Таково было заключение вдовы торговца.
– Ты узнала его имя, мама? – спросила Джули.
– Конечно, моя дорогая. Клерк заглянул в книгу регистрации отеля – Мейнард.
– Мейнард! Если этот тот самый капитан Мейнард, о котором писали газеты, он совсем не ничтожный человек. В сообщениях так не говорилось. Ведь это он возглавил сопротивление в совершенно безнадежном положении у С.; он был первым на мосту в месте с абсолютно непроизносимым названием!
– Вздор о безнадежных положениях и мостах! Это ему не поможет, теперь, когда он в отставке, а его часть распущена. Он теперь без пенсии и жалованья; подозреваю, что у него совершенно пустые карманы. Я узнала все это от слуги, который его поджидал.

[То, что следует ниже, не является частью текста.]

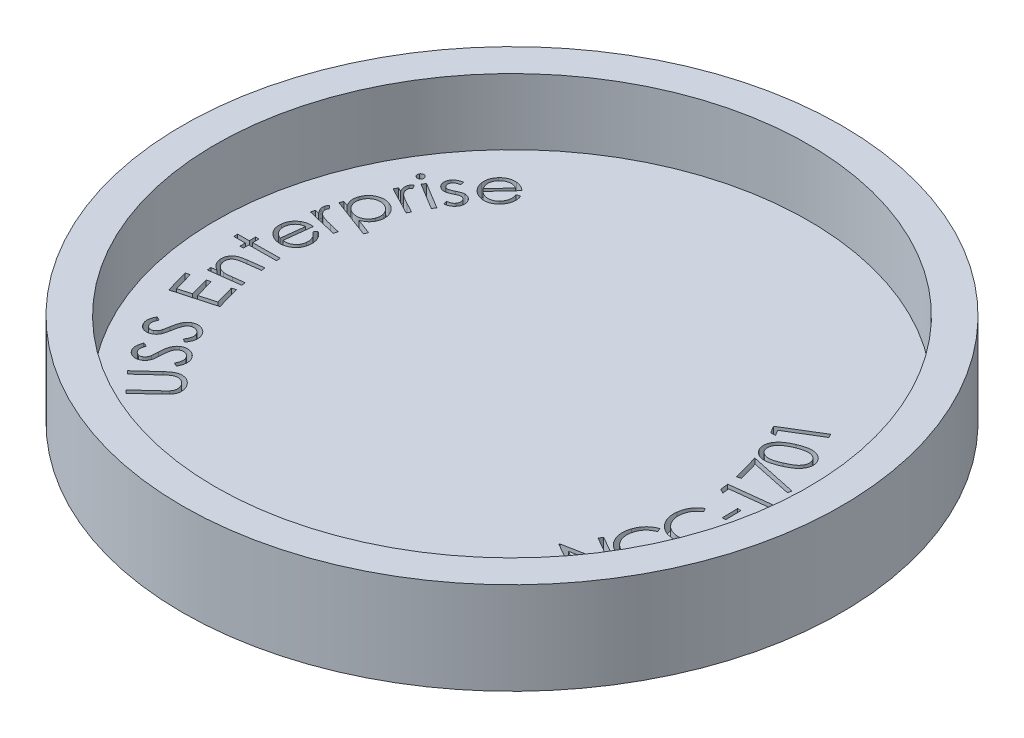
from build123d import *

# Parameters (mm, degrees)
SKETCH1_R           = 50
BOSS_EXTRUDE1_DEPTH = 4
SKETCH2_R           = 50
SKETCH2_R_2         = 45
BOSS_EXTRUDE2_DEPTH = 10
CUT_EXTRUDE3_DEPTH  = 2


with BuildPart() as part:
    # Sketch1 → Boss-Extrude1 (new body)
    with BuildSketch(Plane(origin=(0, 0, 0), x_dir=(1, 0, 0), z_dir=(0, 1, 0))):
        with Locations(Location((0, 0, 0), (0, 0, 270))):
            Circle(SKETCH1_R)
    extrude(amount=BOSS_EXTRUDE1_DEPTH)

    # Sketch2 → Boss-Extrude2 (add)
    with BuildSketch(Plane(origin=(0, 4, 0), x_dir=(1, 0, 0), z_dir=(0, 1, 0))):
        with Locations(Location((0, 0, 0), (0, 0, 270))):
            Circle(SKETCH2_R)
        with Locations(Location((0, 0, 0), (0, 0, 270))):
            Circle(SKETCH2_R_2, mode=Mode.SUBTRACT)
    extrude(amount=BOSS_EXTRUDE2_DEPTH)

    # Sketch9 → Cut-Extrude3 (cut)
    # profile 1 of 22: a face of its own
    with BuildSketch(Plane(origin=(0, 4, 0), x_dir=(1, 0, 0), z_dir=(0, 1, 0))):
        Polygon((24.998499088, 14.25952032), (24.356121284, 15.316581619), (29.735558383, 18.586984263), (30.061199409, 18.052729455), (25.208384906, 15.102879695), (25.721015114, 14.258248285), align=None)
    # profile 2 of 22: a face of its own
    with BuildSketch(Plane(origin=(0, 4, 0), x_dir=(1, 0, 0), z_dir=(0, 1, 0))):
        with BuildLine():
            add(Edge.make_bspline(
                [(30.153567453, 10.666011195), (30.06051733, 10.626848965), (29.879637003, 10.550721424), (29.612602404, 10.449468333), (29.359024137, 10.360439829), (29.117888931, 10.288023317), (28.889108349, 10.230311664), (28.673580133, 10.186472139), (28.470484461, 10.15817161), (28.279691377, 10.143808115), (28.098655401, 10.142475438), (27.925747213, 10.152677105), (27.759190676, 10.17306349), (27.599316542, 10.203270952), (27.446143784, 10.243805059), (27.300109637, 10.295431602), (27.159883116, 10.355616505), (27.027840787, 10.428864649), (26.90308151, 10.509853266), (26.787389063, 10.599705603), (26.67807229, 10.69477841), (26.579048059, 10.799604508), (26.48833778, 10.911814591), (26.406786455, 11.031851404), (26.333825666, 11.159572474), (26.292302708, 11.249131162), (26.27131585, 11.294396612)],
                knots=[0, 0, 0, 0, 1.643019788, 3.193869562, 4.647418308, 6.016378729, 7.290129949, 8.486566393, 9.594309651, 10.625385451, 11.598477842, 12.538662215, 13.442586513, 14.327770181, 15.184852529, 16.018612363, 16.846870285, 17.665323597, 18.473087284, 19.265402911, 20.047707011, 20.82873159, 21.609054591, 22.393850788, 23.188207541, 24, 24, 24, 24], degree=3))
            add(Edge.make_bspline(
                [(26.27131585, 11.294396612), (26.252468438, 11.341230871), (26.21504221, 11.434231946), (26.170127454, 11.576838172), (26.138531488, 11.721220169), (26.118046587, 11.866239842), (26.10922832, 12.012110851), (26.111253446, 12.158944189), (26.127655352, 12.306725766), (26.152274623, 12.455803248), (26.190501926, 12.604352255), (26.241854547, 12.751428813), (26.305754859, 12.896824299), (26.38249451, 13.040820629), (26.471510411, 13.183377257), (26.574064658, 13.323623159), (26.688888605, 13.462390282), (26.816710633, 13.60039267), (26.959050034, 13.737376666), (27.120741456, 13.868971417), (27.297992153, 14.000376882), (27.492418076, 14.13016093), (27.705604557, 14.255836533), (27.936236441, 14.378460872), (28.182982053, 14.501471764), (28.355436612, 14.577784034), (28.443952068, 14.616952702)],
                knots=[0, 0, 0, 0, 0.815621786, 1.619620016, 2.412594184, 3.20135369, 3.983928626, 4.772003355, 5.571052234, 6.384339509, 7.211932216, 8.046191876, 8.899122478, 9.775749728, 10.68070462, 11.612648492, 12.58117721, 13.589670971, 14.650990535, 15.770414115, 16.955793175, 18.215721225, 19.54592128, 20.952958848, 22.436050396, 24, 24, 24, 24], degree=3))
            add(Edge.make_bspline(
                [(28.443952068, 14.616952702), (28.532744894, 14.654457876), (28.705844517, 14.727573372), (28.963026804, 14.824178691), (29.209889745, 14.907131279), (29.446026203, 14.976508166), (29.672533056, 15.029755089), (29.887911444, 15.071466622), (30.093614306, 15.096987987), (30.289089273, 15.108825249), (30.475996537, 15.107074258), (30.655258837, 15.09602718), (30.827337752, 15.074428475), (30.992441583, 15.042970364), (31.150091253, 14.999577416), (31.300641954, 14.946119621), (31.443985185, 14.882695145), (31.578762218, 14.807220189), (31.705448973, 14.722780166), (31.826139833, 14.633439884), (31.935076933, 14.533284347), (32.036686596, 14.427025305), (32.129742682, 14.313061256), (32.211622327, 14.189798981), (32.288652161, 14.061521473), (32.329656368, 13.969954545), (32.350372341, 13.923693487)],
                knots=[0, 0, 0, 0, 1.558284236, 3.037840181, 4.440448624, 5.768199997, 7.015295516, 8.201177503, 9.313377377, 10.364063891, 11.364973115, 12.333549051, 13.266334535, 14.167132751, 15.048575983, 15.907224531, 16.74806443, 17.579715775, 18.401103814, 19.208672449, 20.004605603, 20.79013784, 21.584563907, 22.37934484, 23.181219413, 24, 24, 24, 24], degree=3))
            add(Edge.make_bspline(
                [(32.350372341, 13.923693487), (32.369485824, 13.877794651), (32.407332444, 13.786910337), (32.44829475, 13.645874355), (32.480547305, 13.504980511), (32.501669334, 13.362514347), (32.508143407, 13.219498121), (32.506701926, 13.075260368), (32.490256079, 12.930847711), (32.46568128, 12.78511942), (32.42701299, 12.64067357), (32.377694086, 12.49743852), (32.314226798, 12.356631827), (32.239544886, 12.216885542), (32.151381415, 12.079185523), (32.050079392, 11.944416863), (31.937841349, 11.810400914), (31.812962629, 11.677438408), (31.671287544, 11.546216035), (31.510911144, 11.417465353), (31.332117458, 11.288225694), (31.133526667, 11.162042622), (30.916245045, 11.0356323), (30.679833441, 10.910189569), (30.424053108, 10.785331165), (30.245431565, 10.706535426), (30.153567453, 10.666011195)],
                knots=[0, 0, 0, 0, 0.809649209, 1.603186903, 2.389380366, 3.164288389, 3.946188759, 4.720202877, 5.512265117, 6.312005813, 7.126534773, 7.946001823, 8.778073239, 9.640573611, 10.526126117, 11.43959776, 12.386231968, 13.373623722, 14.410176659, 15.530321822, 16.723147682, 18.003520593, 19.362843766, 20.818766876, 22.363908681, 24, 24, 24, 24], degree=3))
        make_face()
        with BuildLine():
            add(Edge.make_bspline(
                [(29.928417213, 11.218074496), (30.007466299, 11.252863476), (30.160467819, 11.320198433), (30.379913026, 11.424690847), (30.581877258, 11.528574705), (30.766192448, 11.631653826), (30.933963082, 11.732075337), (31.084449233, 11.831888615), (31.21642937, 11.932897664), (31.334319149, 12.031072869), (31.436416421, 12.13169577), (31.529011899, 12.232077355), (31.610064364, 12.335675153), (31.683460961, 12.439856418), (31.745973405, 12.547101594), (31.798239387, 12.656484458), (31.840147994, 12.767727232), (31.884107707, 12.915105198), (31.914674433, 13.099174992), (31.922070833, 13.315421622), (31.890182289, 13.523787538), (31.842515742, 13.652973996), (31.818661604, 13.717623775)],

– Можно ему посочувствовать в этом.
– Сочувствуй сколько хочешь, дорогая; но не позволяй, чтобы это зашло дальше. Герои по-своему хороши, когда у них достаточно долларов. Но без денег в наши дни они ничего не стоят; и богатые девушки больше не выходят за них замуж.
– Ха-ха-ха! Кто думает о том, чтобы выйти за него? – Этот вопрос одновременно задали дочь и племянница.
– Никакого флирта, – серьезно предупредила миссис Гирдвуд. – Ничего подобного я не позволяю, особенно с ним.
– А почему особенно с ним, дорогая матушка?
– По многим причинам. Мы не знаем, кто он такой и кем может оказаться. Кажется, он здесь ни с кем не знаком; и его никто не знает. Он чужой в этой стране; считают, что он ирландец.
– О, тетя! Я не буду хуже думать о нем из-за этого. Мой собственный отец был ирландцем.
– Кто бы он ни был, это храбрый и вежливый человек, – негромко заметила Джули.
– И к тому же красивый! – добавила Корнелия, украдкой взглянув на кузину.
– Я думаю, – продолжала Джули, – что тот, кто взбирался на осадные лестницы, не говоря уже о мостах, кто с риском для жизни поднял двух не очень легких молодых леди на вертикальный утес, может обойтись без представлений в обществе, даже если речь идет о Дж., Л. и Б. – «сливках », как они себя сами называют.
– Пфф! – презрительно воскликнула мать. – Любой джентльмен поступил бы так – и по отношению к любой леди. Да он даже не делал разницы между вами и Кезией, которая со своим свертком так же тяжела, как вы обе вместе взятые!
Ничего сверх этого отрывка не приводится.